Over 1200 clinical trials are currently investigating MSC therapy [75]. The main challenges limiting clinical translation are MSC heterogeneity, immunocompatibility, and long-term preservation. Standardization of clinical protocols, including dosing regimens, timing of administration, and delivery routes, is essential to improve reproducibility across trials [76]. Equally important is selecting the appropriate MSC product for each disease indication, with consideration of the optimal administration route and mechanism of action [77].

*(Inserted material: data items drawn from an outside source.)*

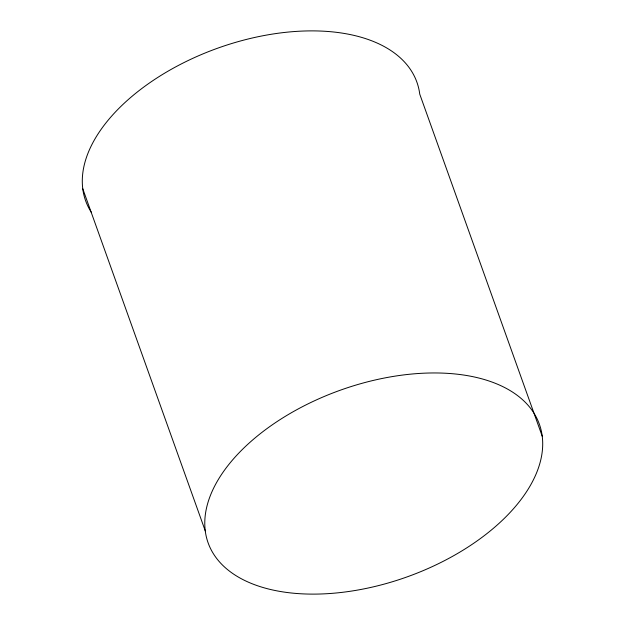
<?xml version="1.0" encoding="UTF-8"?>
<svg xmlns="http://www.w3.org/2000/svg" width="625" height="625" viewBox="0 0 625 625"><rect width="100%" height="100%" fill="white"/><g stroke="black" fill="none" stroke-linecap="round" stroke-linejoin="round"><path stroke-width="0.94" d="M542.227 436.219A175.93 99.141 -19.7 0 0 278.5 420.633A175.93 99.141 -19.7 0 0 300.484 593.75A175.93 99.141 -19.7 0 0 542.227 436.219L419.75 94.156A175.93 99.141 -19.7 0 0 217.477 48.258A175.93 99.141 -19.7 0 0 91.266 212.227M82.773 188.781L205.25 530.844"/></g></svg>
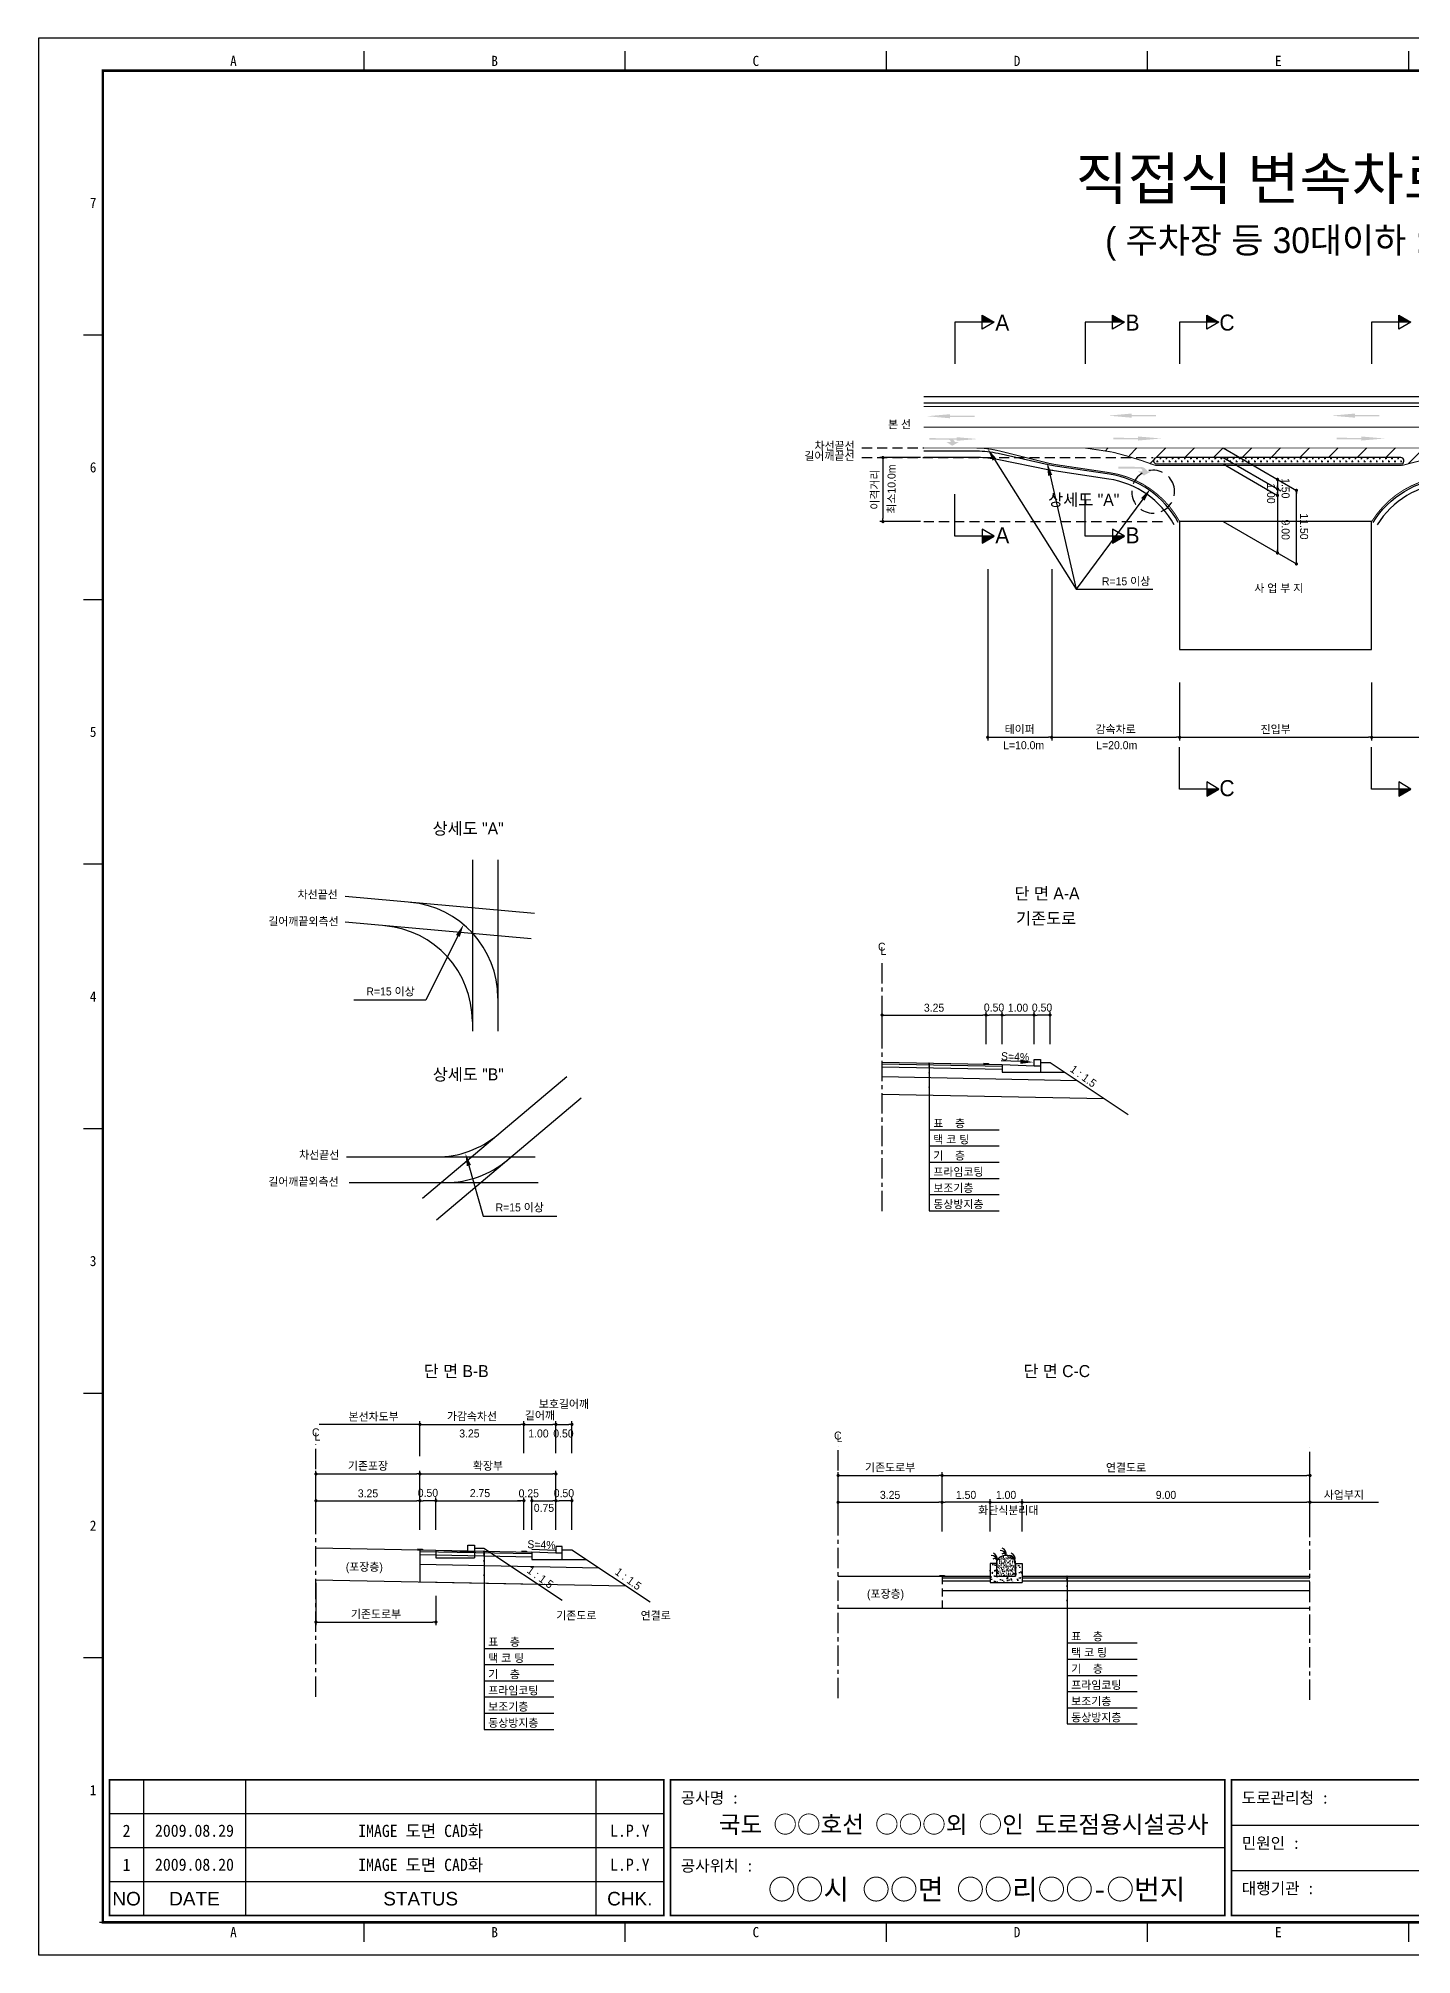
# Model space of a CAD drawing. Header units: millimetres. Extents: x 430 to 854, y 3 to 303.
# Drawn here: x 430.2 to 644.9, y 3.3 to 302.7 of the extents above; entities that cross this region are included whole.
import ezdxf
from ezdxf.enums import TextEntityAlignment as Align

# ---------------------------------------------------------------- set-up
doc = ezdxf.new("R2010")
doc.units = ezdxf.units.MM
doc.linetypes.add('CENTER', pattern=[50.8, 31.75, -6.35, 6.35, -6.35])
doc.linetypes.add('HIDDEN', pattern=[9.525, 6.35, -3.175])
for name, color, linetype in [('CC-GSTR-0004', 4, 'Continuous'), ('CM-LANE-0030', 30, 'Continuous'), ('CZ-DIMT-0002', 7, 'Continuous'), ('CZ-EXST-0002', 1, 'Continuous'), ('CZ-LIN1-0007', 7, 'Continuous'), ('CZ-LIN2-0003', 3, 'Continuous'), ('CZ-LINE-0001', 7, 'Continuous'), ('CZ-TEXT-BOX0', 7, 'Continuous'), ('TITLE', 7, 'Continuous')]:
    doc.layers.add(name, color=color, linetype=linetype)
doc.styles.add('견고딕', font='arial.ttf')
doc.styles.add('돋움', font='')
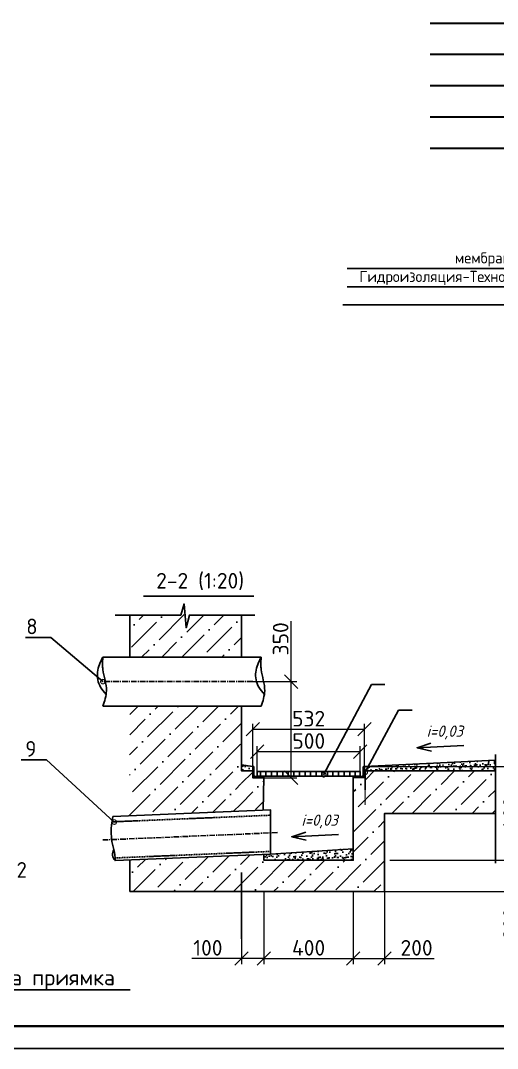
# Model space of a CAD drawing. Header units: millimetres. Extents: x 1601 to 14530, y 1157 to 12625.
# Drawn here: x 7323.8 to 7430.5, y 2825.6 to 3055.7 of the extents above; entities that cross this region are included whole.
import ezdxf
from ezdxf import colors
from ezdxf.entities.mleader import LeaderData, LeaderLine
from ezdxf.math import Vec2, Vec3

# ---------------------------------------------------------------- set-up
doc = ezdxf.new("R2010")
doc.units = ezdxf.units.MM
doc.linetypes.add('CENTER', pattern=[2, 1.25, -0.25, 0.25, -0.25])
doc.linetypes.add('HIDDEN', pattern=[0.375, 0.25, -0.125])
for name, color, linetype, lineweight in [('Основной', 1, 'Continuous', 60), ('Размеры на чертеже', 250, 'Continuous', 25), ('Тонкие', 5, 'Continuous', 30)]:
    doc.layers.add(name, color=color, linetype=linetype, lineweight=lineweight)
doc.styles.add('-ISOCPEUR-', font='isocpeur.TTF')
doc.styles.add('GOST', font='GOST Common.ttf')
doc.dimstyles.new('М 1 к 20', dxfattribs={"dimtxt": 3.5, "dimasz": 3, "dimexe": 1.25, "dimexo": 0, "dimtad": 1, "dimdec": 0, "dimlfac": 20, "dimzin": 0, "dimdsep": 46, "dimtxsty": 'GOST', "dimblk": 'OBLIQUE', "dimcen": 5, "dimadec": 8, "dimazin": 0, "dimtfac": 1, "dimtdec": 0, "dimtmove": 0, "dimatfit": 3, "dimldrblk": 'NONE', "dimfxl": 1.25, "dimtolj": 1, "dimtzin": 0, "dimlwd": 20, "dimlwe": 20, "dimarcsym": 1})
pattern_1 = [(45, (6125.8713, 2715.1915), (1.683798, 6.173926), [7.9375, -1.5875, 0, -1.5875])]
pattern_2 = [(82.5, (5957.4659, -7285.5295), (-1.12561055, 1.0543417), [0, -1.216, 0, -1.36, 0, -1.3]), (52.5, (5957.4659, -7285.5295), (-0.59531, 2.5975838), [0, -0.656, 0, -1.096, 0, -0.42]), (12.5, (5956.7701, -7286.2253), (1.75842342, 1.7648259), [0, -0.4, 0, -1.44, 0, -1.88]), (2.5, (5956.77, -7286.2253), (1.20403373, 2.1970103), [0, -0.2, 0, -0.944, 0, -1.08])]

# ---------------------------------------------------------------- blocks, each defined once
blk = doc.blocks.new('_DotSmall')
at = {"color": 0, "linetype": 'ByBlock', "const_width": 0.5}
blk.add_lwpolyline([(-0.0625, 0, 1), (0.0625, 0, 1)], format="xyb", close=True, dxfattribs=at)
blk = doc.blocks.new('_Oblique')
at = {"color": 0, "linetype": 'ByBlock', "lineweight": -2}
blk.add_line((-0.5, -0.5), (0.5, 0.5), dxfattribs=at)
blk = doc.blocks.new('*D362')
at = {"layer": 'Defpoints', "color": 0, "transparency": 16777216}
for p in [(7406.47, 2867.7), (7435.98, 2867.7), (7403.27, 2860.7)]:
    blk.add_point(p, dxfattribs=at)
at = {"layer": 'Размеры на чертеже', "color": 0, "lineweight": 20, "transparency": 16777216}
for p, q in [((7406.47, 2867.7), (7437.23, 2867.7)), ((7435.98, 2867.7), (7435.98, 2860.7)), ((7403.27, 2860.7), (7437.23, 2860.7)), ((7435.98, 2860.7), (7435.98, 2849.58))]:
    blk.add_line(p, q, dxfattribs=at)
at = {"layer": 'Размеры на чертеже', "color": 0, "lineweight": 20, "transparency": 16777216, "xscale": 3, "yscale": 3, "zscale": 3}
for p, rotation in [((7435.98, 2867.7), 90), ((7435.98, 2860.7), 270)]:
    blk.add_blockref('_Oblique', p, dxfattribs=dict(at, rotation=rotation))
at = {"layer": 'Размеры на чертеже', "color": 0, "transparency": 16777216, "insert": (7433.6, 2853.53), "char_height": 3.5, "attachment_point": 5, "rotation": 90, "style": '-ISOCPEUR-'}
blk.add_mtext('\\A1;200', dxfattribs=at)
blk = doc.blocks.new('_None')
blk = doc.blocks.new('*D363')
at = {"layer": 'Defpoints', "color": 0, "transparency": 16777216}
for p in [(7400.77, 2888.7), (7435.98, 2888.7), (7435.98, 2867.7)]:
    blk.add_point(p, dxfattribs=at)
at = {"layer": 'Размеры на чертеже', "color": 0, "lineweight": 20, "transparency": 16777216}
for p, q in [((7400.77, 2888.7), (7437.23, 2888.7)), ((7435.98, 2867.7), (7435.98, 2888.7)), ((7435.98, 2867.7), (7437.23, 2867.7))]:
    blk.add_line(p, q, dxfattribs=at)
at = {"layer": 'Размеры на чертеже', "color": 0, "lineweight": 20, "transparency": 16777216, "xscale": 3, "yscale": 3, "zscale": 3}
for p, rotation in [((7435.98, 2888.7), 90), ((7435.98, 2867.7), 270)]:
    blk.add_blockref('_Oblique', p, dxfattribs=dict(at, rotation=rotation))
at = {"layer": 'Размеры на чертеже', "color": 0, "transparency": 16777216, "insert": (7433.6, 2878.2), "char_height": 3.5, "attachment_point": 5, "rotation": 90, "style": '-ISOCPEUR-'}
blk.add_mtext('\\A1;400', dxfattribs=at)
blk = doc.blocks.new('*D364')
at = {"layer": 'Defpoints', "color": 0, "transparency": 16777216}
for p in [(7400.77, 2897.03), (7375.77, 2888.7), (7400.77, 2888.7)]:
    blk.add_point(p, dxfattribs=at)
at = {"layer": 'Размеры на чертеже', "color": 0, "lineweight": 20, "transparency": 16777216}
for p, q in [((7375.77, 2888.7), (7375.77, 2898.28)), ((7375.77, 2897.03), (7400.77, 2897.03)), ((7400.77, 2888.7), (7400.77, 2898.28))]:
    blk.add_line(p, q, dxfattribs=at)
at = {"layer": 'Размеры на чертеже', "color": 0, "lineweight": 20, "transparency": 16777216, "xscale": 3, "yscale": 3, "zscale": 3, "rotation": 180}
blk.add_blockref('_Oblique', (7375.77, 2897.03), dxfattribs=at)
at = {"layer": 'Размеры на чертеже', "color": 0, "lineweight": 20, "transparency": 16777216, "xscale": 3, "yscale": 3, "zscale": 3}
blk.add_blockref('_Oblique', (7400.77, 2897.03), dxfattribs=at)
at = {"layer": 'Размеры на чертеже', "color": 0, "transparency": 16777216, "insert": (7388.27, 2899.41), "char_height": 3.5, "attachment_point": 5, "style": '-ISOCPEUR-'}
blk.add_mtext('\\A1;532', dxfattribs=at)
blk = doc.blocks.new('*D365')
at = {"layer": 'Defpoints', "color": 0, "transparency": 16777216}
for p in [(7399.83, 2892.03), (7376.78, 2887.55), (7399.83, 2887.55)]:
    blk.add_point(p, dxfattribs=at)
at = {"layer": 'Размеры на чертеже', "color": 0, "lineweight": 20, "transparency": 16777216}
for p, q in [((7376.78, 2887.55), (7376.78, 2893.28)), ((7399.83, 2887.55), (7399.83, 2893.28)), ((7376.78, 2892.03), (7399.83, 2892.03))]:
    blk.add_line(p, q, dxfattribs=at)
at = {"layer": 'Размеры на чертеже', "color": 0, "lineweight": 20, "transparency": 16777216, "xscale": 3, "yscale": 3, "zscale": 3, "rotation": 180}
blk.add_blockref('_Oblique', (7376.78, 2892.03), dxfattribs=at)
at = {"layer": 'Размеры на чертеже', "color": 0, "lineweight": 20, "transparency": 16777216, "xscale": 3, "yscale": 3, "zscale": 3}
blk.add_blockref('_Oblique', (7399.83, 2892.03), dxfattribs=at)
at = {"layer": 'Размеры на чертеже', "color": 0, "transparency": 16777216, "insert": (7388.3, 2894.41), "char_height": 3.5, "attachment_point": 5, "style": '-ISOCPEUR-'}
blk.add_mtext('\\A1;500', dxfattribs=at)
blk = doc.blocks.new('*D366')
at = {"layer": 'Defpoints', "color": 0, "transparency": 16777216}
for p in [(7405.27, 2863.8), (7398.27, 2860.7), (7405.27, 2845.73)]:
    blk.add_point(p, dxfattribs=at)
at = {"layer": 'Размеры на чертеже', "color": 0, "lineweight": 20, "transparency": 16777216}
for p, q in [((7405.27, 2863.8), (7405.27, 2844.48)), ((7398.27, 2860.7), (7398.27, 2844.48)), ((7398.27, 2845.73), (7405.27, 2845.73)), ((7405.27, 2845.73), (7416.39, 2845.73))]:
    blk.add_line(p, q, dxfattribs=at)
at = {"layer": 'Размеры на чертеже', "color": 0, "lineweight": 20, "transparency": 16777216, "xscale": 3, "yscale": 3, "zscale": 3, "rotation": 180}
blk.add_blockref('_Oblique', (7398.27, 2845.73), dxfattribs=at)
at = {"layer": 'Размеры на чертеже', "color": 0, "lineweight": 20, "transparency": 16777216, "xscale": 3, "yscale": 3, "zscale": 3}
blk.add_blockref('_Oblique', (7405.27, 2845.73), dxfattribs=at)
at = {"layer": 'Размеры на чертеже', "color": 0, "transparency": 16777216, "insert": (7412.44, 2848.11), "char_height": 3.5, "attachment_point": 5, "style": '-ISOCPEUR-'}
blk.add_mtext('\\A1;200', dxfattribs=at)
blk = doc.blocks.new('*D367')
at = {"layer": 'Defpoints', "color": 0, "transparency": 16777216}
for p in [(7378.27, 2860.7), (7373.27, 2850.1), (7378.27, 2845.73)]:
    blk.add_point(p, dxfattribs=at)
at = {"layer": 'Размеры на чертеже', "color": 0, "lineweight": 20, "transparency": 16777216}
for p, q in [((7378.27, 2860.7), (7378.27, 2844.48)), ((7373.27, 2850.1), (7373.27, 2844.48)), ((7373.27, 2845.73), (7362.12, 2845.73)), ((7378.27, 2845.73), (7373.27, 2845.73))]:
    blk.add_line(p, q, dxfattribs=at)
at = {"layer": 'Размеры на чертеже', "color": 0, "lineweight": 20, "transparency": 16777216, "xscale": 3, "yscale": 3, "zscale": 3, "rotation": 180}
blk.add_blockref('_Oblique', (7373.27, 2845.73), dxfattribs=at)
at = {"layer": 'Размеры на чертеже', "color": 0, "lineweight": 20, "transparency": 16777216, "xscale": 3, "yscale": 3, "zscale": 3}
blk.add_blockref('_Oblique', (7378.27, 2845.73), dxfattribs=at)
at = {"layer": 'Размеры на чертеже', "color": 0, "transparency": 16777216, "insert": (7365.72, 2848.11), "char_height": 3.5, "attachment_point": 5, "style": '-ISOCPEUR-'}
blk.add_mtext('\\A1;100', dxfattribs=at)
blk = doc.blocks.new('*D368')
at = {"layer": 'Defpoints', "color": 0, "transparency": 16777216}
for p in [(7378.27, 2860.7), (7398.27, 2860.7), (7398.27, 2845.73)]:
    blk.add_point(p, dxfattribs=at)
at = {"layer": 'Размеры на чертеже', "color": 0, "lineweight": 20, "transparency": 16777216}
for p, q in [((7378.27, 2860.7), (7378.27, 2844.48)), ((7398.27, 2860.7), (7398.27, 2844.48)), ((7378.27, 2845.73), (7398.27, 2845.73))]:
    blk.add_line(p, q, dxfattribs=at)
at = {"layer": 'Размеры на чертеже', "color": 0, "lineweight": 20, "transparency": 16777216, "xscale": 3, "yscale": 3, "zscale": 3, "rotation": 180}
blk.add_blockref('_Oblique', (7378.27, 2845.73), dxfattribs=at)
at = {"layer": 'Размеры на чертеже', "color": 0, "lineweight": 20, "transparency": 16777216, "xscale": 3, "yscale": 3, "zscale": 3}
blk.add_blockref('_Oblique', (7398.27, 2845.73), dxfattribs=at)
at = {"layer": 'Размеры на чертеже', "color": 0, "transparency": 16777216, "insert": (7388.27, 2848.11), "char_height": 3.5, "attachment_point": 5, "style": '-ISOCPEUR-'}
blk.add_mtext('\\A1;400', dxfattribs=at)
blk = doc.blocks.new('*D369')
at = {"layer": 'Defpoints', "color": 0, "transparency": 16777216}
for p in [(7375.77, 2907.7), (7375.77, 2886.2), (7384.39, 2886.2)]:
    blk.add_point(p, dxfattribs=at)
at = {"layer": 'Размеры на чертеже', "color": 0, "lineweight": 20, "transparency": 16777216}
for p, q in [((7384.39, 2907.7), (7384.39, 2921.23)), ((7375.77, 2907.7), (7385.64, 2907.7)), ((7384.39, 2886.2), (7384.39, 2907.7)), ((7375.77, 2886.2), (7385.64, 2886.2))]:
    blk.add_line(p, q, dxfattribs=at)
at = {"layer": 'Размеры на чертеже', "color": 0, "lineweight": 20, "transparency": 16777216, "xscale": 3, "yscale": 3, "zscale": 3}
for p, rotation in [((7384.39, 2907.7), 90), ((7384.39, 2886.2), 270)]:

Despite these challenges, there is growing evidence for benefit and the safety profile of MSC therapy. The risk of teratoma formation and ectopic tissue complications with MSC therapy appears minimal based on current clinical evidence [78]. A comprehensive meta-analysis of 62 randomized clinical trials involving 3546 participants found no serious adverse events such as malignancy associated with MSC administration, demonstrating consistent safety across diverse disease populations [79]. A large retrospective study of 2504 patients receiving intravenous adipose-derived MSC therapy reported a major adverse event rate of only 0.2%, with no severe adverse events observed during follow-up [80].
7. Conclusions
Despite these potential barriers to translation, the benefits of MSC therapies have been demonstrated across diseases associated with preterm birth and studies of mesenchymal stromal/stem cells have become recognized as a developing area of therapeutic investigation. MSCs exert not only regenerative effects but also anti-inflammatory and reparative mechanisms that limit immune-mediated injury while promoting angiogenesis, tissue maturation, and facilitate repair. Overall, this suggests clear potential for benefit in the context of prematurity.
However, substantial barriers to wide-spread application must be overcome. The pace of technical advancement, the continued collection of data including clinical studies and the substantial burden of prematurity suggest a likely growing role for MSC therapies in clinical practice.